Probably this is very naive question, based on lack of understanding but I was watching a video from Andreas M. Antonopoulos about blockchain, bitcoin and consensus algorithms and he asked for the SHA-256 output of the string Hello!. A guy told him the first few characters, and being Windows/C# dev I decided just for fun to check the answer implementing this very simple C# method:

    public byte[] Generate(string valueToHash)
    {
        byte[] hashValue;
        byte[] stringToBytes = Encoding.ASCII.GetBytes(valueToHash);

        using (SHA256 hashGenerator = SHA256.Create())
        {
            hashValue = hashGenerator.ComputeHash(stringToBytes);
        }

        return hashValue;
    }

and then output the result using this method:

    public static void PrintByteArray(byte[] array)
    {
        for (int i = 0; i < array.Length; i++)
        {
            Console.Write($"{array[i]:X2}");
            if ((i % 4) == 3) Console.Write(" ");
        }
        Console.WriteLine();
    }

But I got a different result.

I remember in the past that there were sites which were storing a huge databases of hashes and the actual value to produce them and back then it was possible to paste the hash value and if it's something common you will get the actual string.
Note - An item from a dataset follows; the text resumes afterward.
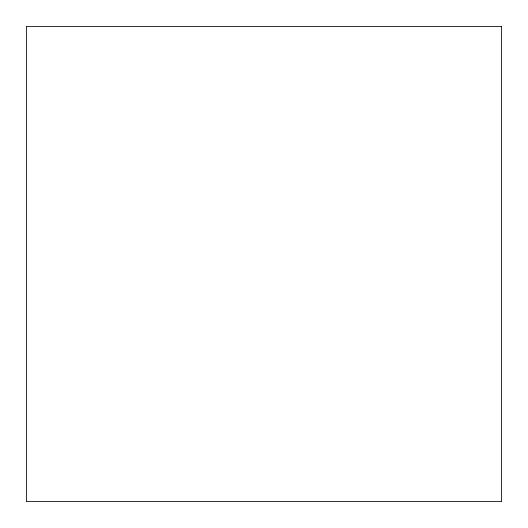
<?xml version="1.0" encoding="UTF-8"?>
<svg xmlns="http://www.w3.org/2000/svg" width="528" height="528" viewBox="0 0 528 528"><rect width="100%" height="100%" fill="white"/><g stroke="black" fill="none" stroke-linecap="round" stroke-linejoin="round"><path stroke-width="0.79" d="M501.6 26.4L26.4 26.4L26.4 501.6L501.6 501.6L501.6 26.4"/></g></svg>

This got me to think that no matter what language/Os you are using, a value hashed with SHA-256 for example would produce the same result. However it seems that this is not entirely the case. The guy from the video who provided the answer turned out (from the comments) to use a Mac machine, so what exactly is causing the SHA-256 to produce different outputs for the same input? Is it the OS, is it the programming language? Maybe I've made mistake in my simple code?

Maarten Bodewes
  • 92,551
  • 13
  • 161
  • 313
Leron
  • 121
  • 5
  • 1
    SHA-256 is a deterministic algorithm that always returns the same result for the same input. Chances are in this case that the inputs were somehow different (e.g. including a trailing \0 byte or a trailing newline sequence). – SEJPM Jul 31 '19 at 11:17
  • Mainly see the answer here on that question rather than the mathematical one. – Maarten Bodewes Jul 31 '19 at 11:18
  • 1
    Please only use code blocks for code and input / output. Code blocks are not a highlighting tool. You can use italics and (sparingly) bold or even *bold italics* instead. – Maarten Bodewes Jul 31 '19 at 11:21
  • of course same SHA256 result (aks digest) as long as the inputs are same. programming language has nothing related to the hash result, just a method to implement the SHA256 algorithm... – TJCLK Aug 01 '19 at 07:32
  • @LiDong Thanks I understand that now. However I am still wondering. I checked this question -> https://apple.stackexchange.com/questions/310244/how-do-i-find-the-sha256-hash-of-text-on-a-mac and the sha for "simple text" is different from what I get when I set it as an input for the method in my question. However other people using Windows/Visual Studio are getting what I do. So what is the difference? – Leron Aug 01 '19 at 07:59
  • OK, finally, figure it out. In the case of the terminal vs IDE, the terminal is inserting a new line \n at the end of the string as it is explained in the question. When I add this to the end of my string the hashes are the same. Thanks to all. – Leron Aug 01 '19 at 08:14

1 Answers1

5

Yes, SHA-256 is defined to give the same output for the same input byte sequence on every platform. However, by design, even the smallest change in the input will change the output into something completely different. So the most likely reason for the discrepancy you observed is that the input you used is not actually the same as the original input from the video.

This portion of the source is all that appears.